▶ Given data:
"""
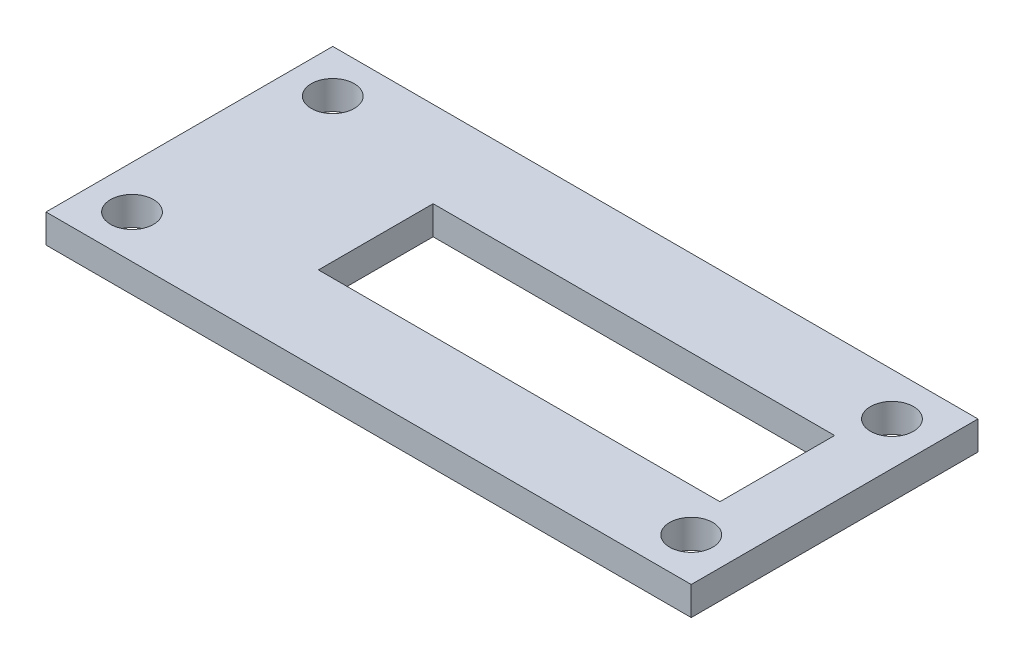
ISO-10303-21;
HEADER;
FILE_DESCRIPTION(('STEP AP214'),'2;1');
FILE_NAME('part.step','',(''),(''),'','','');
FILE_SCHEMA(('AUTOMOTIVE_DESIGN { 1 0 10303 214 1 1 1 1 }'));
ENDSEC;
DATA;
#1=APPLICATION_CONTEXT('core data for automotive mechanical design processes');
#2=APPLICATION_PROTOCOL_DEFINITION('international standard','automotive_design',2000,#1);
#3=PRODUCT_CONTEXT('',#1,'mechanical');
#4=PRODUCT('Part','Part','',(#3));
#5=PRODUCT_RELATED_PRODUCT_CATEGORY('part','',(#4));
#6=PRODUCT_DEFINITION_FORMATION('','',#4);
#7=PRODUCT_DEFINITION_CONTEXT('part definition',#1,'design');
#8=PRODUCT_DEFINITION('design','',#6,#7);
#9=PRODUCT_DEFINITION_SHAPE('','',#8);
#10=(LENGTH_UNIT() NAMED_UNIT(*) SI_UNIT(.MILLI.,.METRE.));
#11=(NAMED_UNIT(*) PLANE_ANGLE_UNIT() SI_UNIT($,.RADIAN.));
#12=(NAMED_UNIT(*) SI_UNIT($,.STERADIAN.) SOLID_ANGLE_UNIT());
#13=UNCERTAINTY_MEASURE_WITH_UNIT(LENGTH_MEASURE(1.E-05),#10,'distance_accuracy_value','');
#14=(GEOMETRIC_REPRESENTATION_CONTEXT(3) GLOBAL_UNCERTAINTY_ASSIGNED_CONTEXT((#13)) GLOBAL_UNIT_ASSIGNED_CONTEXT((#10,
#11,#12)) REPRESENTATION_CONTEXT('',''));
#15=CARTESIAN_POINT('',(0.,0.,0.));
#16=DIRECTION('',(0.,0.,1.));
#17=DIRECTION('',(1.,0.,0.));
#18=AXIS2_PLACEMENT_3D('',#15,#16,#17);
#19=CARTESIAN_POINT('',(22.5,2.,10.));
#20=DIRECTION('',(-1.,0.,0.));
#21=DIRECTION('',(0.,0.,1.));
#22=AXIS2_PLACEMENT_3D('',#19,#20,#21);
#23=PLANE('',#22);
#24=DIRECTION('',(0.,0.,-1.));
#25=VECTOR('',#24,1.);
#26=CARTESIAN_POINT('',(22.5,0.,10.));
#27=LINE('',#26,#25);
#28=CARTESIAN_POINT('',(22.5,0.,10.));
#29=VERTEX_POINT('',#28);
#30=CARTESIAN_POINT('',(22.5,0.,-10.));
#31=VERTEX_POINT('',#30);
#32=EDGE_CURVE('E155',#29,#31,#27,.T.);
#33=ORIENTED_EDGE('',*,*,#32,.T.);
#34=DIRECTION('',(0.,-1.,0.));
#35=VECTOR('',#34,1.);
#36=CARTESIAN_POINT('',(22.5,2.,-10.));
#37=LINE('',#36,#35);
#38=CARTESIAN_POINT('',(22.5,2.,-10.));
#39=VERTEX_POINT('',#38);
#40=EDGE_CURVE('E11',#39,#31,#37,.T.);
#41=ORIENTED_EDGE('',*,*,#40,.F.);
#42=DIRECTION('',(0.,0.,-1.));
#43=VECTOR('',#42,1.);
#44=CARTESIAN_POINT('',(22.5,2.,10.));
#45=LINE('',#44,#43);
#46=CARTESIAN_POINT('',(22.5,2.,10.));
#47=VERTEX_POINT('',#46);
#48=EDGE_CURVE('E158',#47,#39,#45,.T.);
#49=ORIENTED_EDGE('',*,*,#48,.F.);
#50=DIRECTION('',(0.,-1.,0.));
#51=VECTOR('',#50,1.);
#52=CARTESIAN_POINT('',(22.5,2.,10.));
#53=LINE('',#52,#51);
#54=EDGE_CURVE('E168',#47,#29,#53,.T.);
#55=ORIENTED_EDGE('',*,*,#54,.T.);
#56=EDGE_LOOP('',(#33,#41,#49,#55));
#57=FACE_BOUND('',#56,.T.);
#58=ADVANCED_FACE('F33',(#57),#23,.F.);
#59=CARTESIAN_POINT('',(-22.5,2.,-10.));
#60=DIRECTION('',(0.,0.,1.));
#61=DIRECTION('',(1.,0.,0.));
#62=AXIS2_PLACEMENT_3D('',#59,#60,#61);
#63=PLANE('',#62);
#64=DIRECTION('',(-1.,0.,0.));
#65=VECTOR('',#64,1.);
#66=CARTESIAN_POINT('',(-22.5,0.,-10.));
#67=LINE('',#66,#65);
#68=CARTESIAN_POINT('',(-22.5,0.,-10.));
#69=VERTEX_POINT('',#68);
#70=EDGE_CURVE('E171',#31,#69,#67,.T.);
#71=ORIENTED_EDGE('',*,*,#70,.T.);
#72=DIRECTION('',(0.,-1.,0.));
#73=VECTOR('',#72,1.);
#74=CARTESIAN_POINT('',(-22.5,2.,-10.));
#75=LINE('',#74,#73);
#76=CARTESIAN_POINT('',(-22.5,2.,-10.));
#77=VERTEX_POINT('',#76);
#78=EDGE_CURVE('E40',#77,#69,#75,.T.);
#79=ORIENTED_EDGE('',*,*,#78,.F.);
#80=DIRECTION('',(-1.,0.,0.));
#81=VECTOR('',#80,1.);
#82=CARTESIAN_POINT('',(-22.5,2.,-10.));
#83=LINE('',#82,#81);
#84=EDGE_CURVE('E161',#39,#77,#83,.T.);
#85=ORIENTED_EDGE('',*,*,#84,.F.);
#86=ORIENTED_EDGE('',*,*,#40,.T.);
#87=EDGE_LOOP('',(#71,#79,#85,#86));
#88=FACE_BOUND('',#87,.T.);
#89=ADVANCED_FACE('F200',(#88),#63,.F.);
#90=CARTESIAN_POINT('',(-22.5,2.,10.));
#91=DIRECTION('',(1.,0.,0.));
#92=DIRECTION('',(0.,0.,-1.));
#93=AXIS2_PLACEMENT_3D('',#90,#91,#92);
#94=PLANE('',#93);
#95=DIRECTION('',(0.,0.,1.));
#96=VECTOR('',#95,1.);
#97=CARTESIAN_POINT('',(-22.5,0.,10.));
#98=LINE('',#97,#96);
#99=CARTESIAN_POINT('',(-22.5,0.,10.));
#100=VERTEX_POINT('',#99);
#101=EDGE_CURVE('E173',#69,#100,#98,.T.);
#102=ORIENTED_EDGE('',*,*,#101,.T.);
#103=DIRECTION('',(0.,-1.,0.));
#104=VECTOR('',#103,1.);
#105=CARTESIAN_POINT('',(-22.5,2.,10.));
#106=LINE('',#105,#104);
#107=CARTESIAN_POINT('',(-22.5,2.,10.));
#108=VERTEX_POINT('',#107);
#109=EDGE_CURVE('E178',#108,#100,#106,.T.);
#110=ORIENTED_EDGE('',*,*,#109,.F.);
#111=DIRECTION('',(0.,0.,1.));
#112=VECTOR('',#111,1.);
#113=CARTESIAN_POINT('',(-22.5,2.,10.));
#114=LINE('',#113,#112);
#115=EDGE_CURVE('E164',#77,#108,#114,.T.);
#116=ORIENTED_EDGE('',*,*,#115,.F.);
#117=ORIENTED_EDGE('',*,*,#78,.T.);
#118=EDGE_LOOP('',(#102,#110,#116,#117));
#119=FACE_BOUND('',#118,.T.);
#120=ADVANCED_FACE('F185',(#119),#94,.F.);
#121=CARTESIAN_POINT('',(-22.5,2.,10.));
#122=DIRECTION('',(0.,0.,-1.));
#123=DIRECTION('',(-1.,0.,0.));
#124=AXIS2_PLACEMENT_3D('',#121,#122,#123);
#125=PLANE('',#124);
#126=DIRECTION('',(1.,0.,0.));
#127=VECTOR('',#126,1.);
#128=CARTESIAN_POINT('',(-22.5,0.,10.));
#129=LINE('',#128,#127);
#130=EDGE_CURVE('E162',#100,#29,#129,.T.);
#131=ORIENTED_EDGE('',*,*,#130,.T.);
#132=ORIENTED_EDGE('',*,*,#54,.F.);
#133=DIRECTION('',(1.,0.,0.));
#134=VECTOR('',#133,1.);
#135=CARTESIAN_POINT('',(-22.5,2.,10.));
#136=LINE('',#135,#134);
#137=EDGE_CURVE('E166',#108,#47,#136,.T.);
#138=ORIENTED_EDGE('',*,*,#137,.F.);
#139=ORIENTED_EDGE('',*,*,#109,.T.);
#140=EDGE_LOOP('',(#131,#132,#138,#139));
#141=FACE_BOUND('',#140,.T.);
#142=ADVANCED_FACE('F193',(#141),#125,.F.);
#143=CARTESIAN_POINT('',(0.,2.,0.));
#144=DIRECTION('',(0.,-1.,0.));
#145=DIRECTION('',(0.,0.,-1.));
#146=AXIS2_PLACEMENT_3D('',#143,#144,#145);
#147=PLANE('',#146);
#148=DIRECTION('',(0.,0.,1.));
#149=VECTOR('',#148,1.);
#150=CARTESIAN_POINT('',(-9.5,2.,-4.));
#151=LINE('',#150,#149);
#152=CARTESIAN_POINT('',(-9.5,2.,-4.));
#153=VERTEX_POINT('',#152);
#154=CARTESIAN_POINT('',(-9.5,2.,4.));
#155=VERTEX_POINT('',#154);
#156=EDGE_CURVE('E124',#153,#155,#151,.T.);
#157=ORIENTED_EDGE('',*,*,#156,.F.);
#158=DIRECTION('',(-1.,0.,0.));
#159=VECTOR('',#158,1.);
#160=CARTESIAN_POINT('',(18.5,2.,-4.));
#161=LINE('',#160,#159);
#162=CARTESIAN_POINT('',(18.5,2.,-4.));
#163=VERTEX_POINT('',#162);
#164=EDGE_CURVE('E47',#163,#153,#161,.T.);
#165=ORIENTED_EDGE('',*,*,#164,.F.);
#166=DIRECTION('',(0.,0.,-1.));
#167=VECTOR('',#166,1.);
#168=CARTESIAN_POINT('',(18.5,2.,4.));
#169=LINE('',#168,#167);
#170=CARTESIAN_POINT('',(18.5,2.,4.));
#171=VERTEX_POINT('',#170);
#172=EDGE_CURVE('E115',#171,#163,#169,.T.);
#173=ORIENTED_EDGE('',*,*,#172,.F.);
#174=DIRECTION('',(1.,0.,0.));
#175=VECTOR('',#174,1.);
#176=CARTESIAN_POINT('',(-9.5,2.,4.));
#177=LINE('',#176,#175);
#178=EDGE_CURVE('E118',#155,#171,#177,.T.);
#179=ORIENTED_EDGE('',*,*,#178,.F.);
#180=EDGE_LOOP('',(#157,#165,#173,#179));
#181=FACE_BOUND('',#180,.T.);
#182=CARTESIAN_POINT('',(19.5,2.,-7.));
#183=DIRECTION('',(0.,1.,0.));
#184=DIRECTION('',(0.,0.,-1.));
#185=AXIS2_PLACEMENT_3D('',#182,#183,#184);
#186=CIRCLE('',#185,1.5);
#187=CARTESIAN_POINT('',(19.5,2.,-8.5));
#188=VERTEX_POINT('',#187);
#189=EDGE_CURVE('E144',#188,#188,#186,.T.);
#190=ORIENTED_EDGE('',*,*,#189,.F.);
#191=EDGE_LOOP('',(#190));
#192=FACE_BOUND('',#191,.T.);
#193=CARTESIAN_POINT('',(-19.5,2.,7.));
#194=DIRECTION('',(0.,1.,0.));
#195=DIRECTION('',(0.,0.,-1.));
#196=AXIS2_PLACEMENT_3D('',#193,#194,#195);
#197=CIRCLE('',#196,1.5);
#198=CARTESIAN_POINT('',(-19.5,2.,5.5));
#199=VERTEX_POINT('',#198);
#200=EDGE_CURVE('E137',#199,#199,#197,.T.);
#201=ORIENTED_EDGE('',*,*,#200,.F.);
#202=EDGE_LOOP('',(#201));
#203=FACE_BOUND('',#202,.T.);
#204=CARTESIAN_POINT('',(19.5,2.,7.));
#205=DIRECTION('',(0.,1.,0.));
#206=DIRECTION('',(0.,0.,1.));
#207=AXIS2_PLACEMENT_3D('',#204,#205,#206);
#208=CIRCLE('',#207,1.5);
#209=CARTESIAN_POINT('',(19.5,2.,8.5));
#210=VERTEX_POINT('',#209);
#211=EDGE_CURVE('E130',#210,#210,#208,.T.);
#212=ORIENTED_EDGE('',*,*,#211,.F.);
#213=EDGE_LOOP('',(#212));
#214=FACE_BOUND('',#213,.T.);
#215=CARTESIAN_POINT('',(-19.5,2.,-7.));
#216=DIRECTION('',(0.,1.,0.));
#217=DIRECTION('',(0.,0.,1.));
#218=AXIS2_PLACEMENT_3D('',#215,#216,#217);
#219=CIRCLE('',#218,1.5);
#220=CARTESIAN_POINT('',(-19.5,2.,-5.5));
#221=VERTEX_POINT('',#220);
#222=EDGE_CURVE('E143',#221,#221,#219,.T.);
#223=ORIENTED_EDGE('',*,*,#222,.F.);
#224=EDGE_LOOP('',(#223));
#225=FACE_BOUND('',#224,.T.);
#226=ORIENTED_EDGE('',*,*,#48,.T.);
#227=ORIENTED_EDGE('',*,*,#84,.T.);
#228=ORIENTED_EDGE('',*,*,#115,.T.);
#229=ORIENTED_EDGE('',*,*,#137,.T.);
#230=EDGE_LOOP('',(#226,#227,#228,#229));
#231=FACE_BOUND('',#230,.T.);
#232=ADVANCED_FACE('F199',(#181,#192,#203,#214,#225,#231),#147,.F.);
#233=CARTESIAN_POINT('',(0.,0.,0.));
#234=DIRECTION('',(0.,-1.,0.));
#235=DIRECTION('',(0.,0.,-1.));
#236=AXIS2_PLACEMENT_3D('',#233,#234,#235);
#237=PLANE('',#236);
#238=DIRECTION('',(-1.,0.,0.));
#239=VECTOR('',#238,1.);
#240=CARTESIAN_POINT('',(18.5,0.,-4.));
#241=LINE('',#240,#239);
#242=CARTESIAN_POINT('',(18.5,0.,-4.));
#243=VERTEX_POINT('',#242);
#244=CARTESIAN_POINT('',(-9.5,0.,-4.));
#245=VERTEX_POINT('',#244);
#246=EDGE_CURVE('E99',#243,#245,#241,.T.);
#247=ORIENTED_EDGE('',*,*,#246,.T.);
#248=DIRECTION('',(0.,0.,1.));
#249=VECTOR('',#248,1.);
#250=CARTESIAN_POINT('',(-9.5,0.,-4.));
#251=LINE('',#250,#249);
#252=CARTESIAN_POINT('',(-9.5,0.,4.));
#253=VERTEX_POINT('',#252);
#254=EDGE_CURVE('E108',#245,#253,#251,.T.);
#255=ORIENTED_EDGE('',*,*,#254,.T.);
#256=DIRECTION('',(1.,0.,0.));
#257=VECTOR('',#256,1.);
#258=CARTESIAN_POINT('',(-9.5,0.,4.));
#259=LINE('',#258,#257);
#260=CARTESIAN_POINT('',(18.5,0.,4.));
#261=VERTEX_POINT('',#260);
#262=EDGE_CURVE('E55',#253,#261,#259,.T.);
#263=ORIENTED_EDGE('',*,*,#262,.T.);
#264=DIRECTION('',(0.,0.,-1.));
#265=VECTOR('',#264,1.);
#266=CARTESIAN_POINT('',(18.5,0.,4.));
#267=LINE('',#266,#265);
#268=EDGE_CURVE('E105',#261,#243,#267,.T.);
#269=ORIENTED_EDGE('',*,*,#268,.T.);
#270=EDGE_LOOP('',(#247,#255,#263,#269));
#271=FACE_BOUND('',#270,.T.);
#272=CARTESIAN_POINT('',(19.5,0.,-7.));
#273=DIRECTION('',(0.,1.,0.));
#274=DIRECTION('',(0.,0.,-1.));
#275=AXIS2_PLACEMENT_3D('',#272,#273,#274);
#276=CIRCLE('',#275,1.5);
#277=CARTESIAN_POINT('',(19.5,0.,-8.5));
#278=VERTEX_POINT('',#277);
#279=EDGE_CURVE('E140',#278,#278,#276,.T.);
#280=ORIENTED_EDGE('',*,*,#279,.T.);
#281=EDGE_LOOP('',(#280));
#282=FACE_BOUND('',#281,.T.);
#283=CARTESIAN_POINT('',(-19.5,0.,7.));
#284=DIRECTION('',(0.,1.,0.));
#285=DIRECTION('',(0.,0.,-1.));
#286=AXIS2_PLACEMENT_3D('',#283,#284,#285);
#287=CIRCLE('',#286,1.5);
#288=CARTESIAN_POINT('',(-19.5,0.,5.5));
#289=VERTEX_POINT('',#288);
#290=EDGE_CURVE('E147',#289,#289,#287,.T.);
#291=ORIENTED_EDGE('',*,*,#290,.T.);
#292=EDGE_LOOP('',(#291));
#293=FACE_BOUND('',#292,.T.);
#294=CARTESIAN_POINT('',(19.5,0.,7.));
#295=DIRECTION('',(0.,1.,0.));
#296=DIRECTION('',(0.,0.,1.));
#297=AXIS2_PLACEMENT_3D('',#294,#295,#296);
#298=CIRCLE('',#297,1.5);
#299=CARTESIAN_POINT('',(19.5,0.,8.5));
#300=VERTEX_POINT('',#299);
#301=EDGE_CURVE('E134',#300,#300,#298,.T.);
#302=ORIENTED_EDGE('',*,*,#301,.T.);
#303=EDGE_LOOP('',(#302));
#304=FACE_BOUND('',#303,.T.);
#305=CARTESIAN_POINT('',(-19.5,0.,-7.));
#306=DIRECTION('',(0.,1.,0.));
#307=DIRECTION('',(0.,0.,1.));
#308=AXIS2_PLACEMENT_3D('',#305,#306,#307);
#309=CIRCLE('',#308,1.5);
#310=CARTESIAN_POINT('',(-19.5,0.,-5.5));
#311=VERTEX_POINT('',#310);
#312=EDGE_CURVE('E152',#311,#311,#309,.T.);
#313=ORIENTED_EDGE('',*,*,#312,.T.);
#314=EDGE_LOOP('',(#313));
#315=FACE_BOUND('',#314,.T.);
#316=ORIENTED_EDGE('',*,*,#32,.F.);
#317=ORIENTED_EDGE('',*,*,#130,.F.);
#318=ORIENTED_EDGE('',*,*,#101,.F.);
#319=ORIENTED_EDGE('',*,*,#70,.F.);
#320=EDGE_LOOP('',(#316,#317,#318,#319));
#321=FACE_BOUND('',#320,.T.);
#322=ADVANCED_FACE('F112',(#271,#282,#293,#304,#315,#321),#237,.T.);
#323=CARTESIAN_POINT('',(-19.5,0.,-7.));
#324=DIRECTION('',(0.,1.,0.));
#325=DIRECTION('',(0.,0.,1.));
#326=AXIS2_PLACEMENT_3D('',#323,#324,#325);
#327=CYLINDRICAL_SURFACE('',#326,1.5);
#328=ORIENTED_EDGE('',*,*,#312,.F.);
#329=EDGE_LOOP('',(#328));
#330=FACE_BOUND('',#329,.T.);
#331=ORIENTED_EDGE('',*,*,#222,.T.);
#332=EDGE_LOOP('',(#331));
#333=FACE_BOUND('',#332,.T.);
#334=ADVANCED_FACE('F212',(#330,#333),#327,.F.);
#335=CARTESIAN_POINT('',(19.5,0.,7.));
#336=DIRECTION('',(0.,1.,0.));
#337=DIRECTION('',(0.,0.,1.));
#338=AXIS2_PLACEMENT_3D('',#335,#336,#337);
#339=CYLINDRICAL_SURFACE('',#338,1.5);
#340=ORIENTED_EDGE('',*,*,#301,.F.);
#341=EDGE_LOOP('',(#340));
#342=FACE_BOUND('',#341,.T.);
#343=ORIENTED_EDGE('',*,*,#211,.T.);
#344=EDGE_LOOP('',(#343));
#345=FACE_BOUND('',#344,.T.);
#346=ADVANCED_FACE('F218',(#342,#345),#339,.F.);
#347=CARTESIAN_POINT('',(-19.5,0.,7.));
#348=DIRECTION('',(0.,1.,0.));
#349=DIRECTION('',(0.,0.,1.));
#350=AXIS2_PLACEMENT_3D('',#347,#348,#349);
#351=CYLINDRICAL_SURFACE('',#350,1.5);
#352=ORIENTED_EDGE('',*,*,#290,.F.);
#353=EDGE_LOOP('',(#352));
#354=FACE_BOUND('',#353,.T.);
#355=ORIENTED_EDGE('',*,*,#200,.T.);
#356=EDGE_LOOP('',(#355));
#357=FACE_BOUND('',#356,.T.);
#358=ADVANCED_FACE('F220',(#354,#357),#351,.F.);
#359=CARTESIAN_POINT('',(19.5,0.,-7.));
#360=DIRECTION('',(0.,1.,0.));
#361=DIRECTION('',(0.,0.,1.));
#362=AXIS2_PLACEMENT_3D('',#359,#360,#361);
#363=CYLINDRICAL_SURFACE('',#362,1.5);
#364=ORIENTED_EDGE('',*,*,#279,.F.);
#365=EDGE_LOOP('',(#364));
#366=FACE_BOUND('',#365,.T.);
#367=ORIENTED_EDGE('',*,*,#189,.T.);
#368=EDGE_LOOP('',(#367));
#369=FACE_BOUND('',#368,.T.);
#370=ADVANCED_FACE('F223',(#366,#369),#363,.F.);
#371=CARTESIAN_POINT('',(18.5,0.,-4.));
#372=DIRECTION('',(0.,0.,-1.));
#373=DIRECTION('',(-1.,0.,0.));
#374=AXIS2_PLACEMENT_3D('',#371,#372,#373);
#375=PLANE('',#374);
#376=ORIENTED_EDGE('',*,*,#164,.T.);
#377=DIRECTION('',(0.,1.,0.));
#378=VECTOR('',#377,1.);
#379=CARTESIAN_POINT('',(-9.5,0.,-4.));
#380=LINE('',#379,#378);
#381=EDGE_CURVE('E95',#245,#153,#380,.T.);
#382=ORIENTED_EDGE('',*,*,#381,.F.);
#383=ORIENTED_EDGE('',*,*,#246,.F.);
#384=DIRECTION('',(0.,1.,0.));
#385=VECTOR('',#384,1.);
#386=CARTESIAN_POINT('',(18.5,0.,-4.));
#387=LINE('',#386,#385);
#388=EDGE_CURVE('E128',#243,#163,#387,.T.);
#389=ORIENTED_EDGE('',*,*,#388,.T.);
#390=EDGE_LOOP('',(#376,#382,#383,#389));
#391=FACE_BOUND('',#390,.T.);
#392=ADVANCED_FACE('F97',(#391),#375,.F.);
#393=CARTESIAN_POINT('',(18.5,0.,4.));
#394=DIRECTION('',(1.,0.,0.));
#395=DIRECTION('',(0.,0.,-1.));
#396=AXIS2_PLACEMENT_3D('',#393,#394,#395);
#397=PLANE('',#396);
#398=ORIENTED_EDGE('',*,*,#172,.T.);
#399=ORIENTED_EDGE('',*,*,#388,.F.);
#400=ORIENTED_EDGE('',*,*,#268,.F.);
#401=DIRECTION('',(0.,1.,0.));
#402=VECTOR('',#401,1.);
#403=CARTESIAN_POINT('',(18.5,0.,4.));
#404=LINE('',#403,#402);
#405=EDGE_CURVE('E131',#261,#171,#404,.T.);
#406=ORIENTED_EDGE('',*,*,#405,.T.);
#407=EDGE_LOOP('',(#398,#399,#400,#406));
#408=FACE_BOUND('',#407,.T.);
#409=ADVANCED_FACE('F233',(#408),#397,.F.);
#410=CARTESIAN_POINT('',(-9.5,0.,4.));
#411=DIRECTION('',(0.,0.,1.));
#412=DIRECTION('',(1.,0.,0.));
#413=AXIS2_PLACEMENT_3D('',#410,#411,#412);
#414=PLANE('',#413);
#415=ORIENTED_EDGE('',*,*,#178,.T.);
#416=ORIENTED_EDGE('',*,*,#405,.F.);
#417=ORIENTED_EDGE('',*,*,#262,.F.);
#418=DIRECTION('',(0.,1.,0.));
#419=VECTOR('',#418,1.);
#420=CARTESIAN_POINT('',(-9.5,0.,4.));
#421=LINE('',#420,#419);
#422=EDGE_CURVE('E104',#253,#155,#421,.T.);
#423=ORIENTED_EDGE('',*,*,#422,.T.);
#424=EDGE_LOOP('',(#415,#416,#417,#423));
#425=FACE_BOUND('',#424,.T.);
#426=ADVANCED_FACE('F236',(#425),#414,.F.);
#427=CARTESIAN_POINT('',(-9.5,0.,-4.));
#428=DIRECTION('',(-1.,0.,0.));
#429=DIRECTION('',(0.,0.,1.));
#430=AXIS2_PLACEMENT_3D('',#427,#428,#429);
#431=PLANE('',#430);
#432=ORIENTED_EDGE('',*,*,#156,.T.);
#433=ORIENTED_EDGE('',*,*,#422,.F.);
#434=ORIENTED_EDGE('',*,*,#254,.F.);
#435=ORIENTED_EDGE('',*,*,#381,.T.);
#436=EDGE_LOOP('',(#432,#433,#434,#435));
#437=FACE_BOUND('',#436,.T.);
#438=ADVANCED_FACE('F109',(#437),#431,.F.);
#439=CLOSED_SHELL('',(#58,#89,#120,#142,#232,#322,#334,#346,#358,#370,#392,#409,#426,#438));
#440=MANIFOLD_SOLID_BREP('B2',#439);
#441=ADVANCED_BREP_SHAPE_REPRESENTATION('',(#18,#440),#14);
#442=SHAPE_DEFINITION_REPRESENTATION(#9,#441);
ENDSEC;
END-ISO-10303-21;
"""
▶ What you will do: Give back exactly the lines above, from the line containing "#290=EDGE_CURVE('E147',#289,#289,#287,.T.);" through the line containing "#304=FACE_BOUND('',#303,.T.);", with both end lines and nothing more.

▶ Completed task:
#290=EDGE_CURVE('E147',#289,#289,#287,.T.);
#291=ORIENTED_EDGE('',*,*,#290,.T.);
#292=EDGE_LOOP('',(#291));
#293=FACE_BOUND('',#292,.T.);
#294=CARTESIAN_POINT('',(19.5,0.,7.));
#295=DIRECTION('',(0.,1.,0.));
#296=DIRECTION('',(0.,0.,1.));
#297=AXIS2_PLACEMENT_3D('',#294,#295,#296);
#298=CIRCLE('',#297,1.5);
#299=CARTESIAN_POINT('',(19.5,0.,8.5));
#300=VERTEX_POINT('',#299);
#301=EDGE_CURVE('E134',#300,#300,#298,.T.);
#302=ORIENTED_EDGE('',*,*,#301,.T.);
#303=EDGE_LOOP('',(#302));
#304=FACE_BOUND('',#303,.T.);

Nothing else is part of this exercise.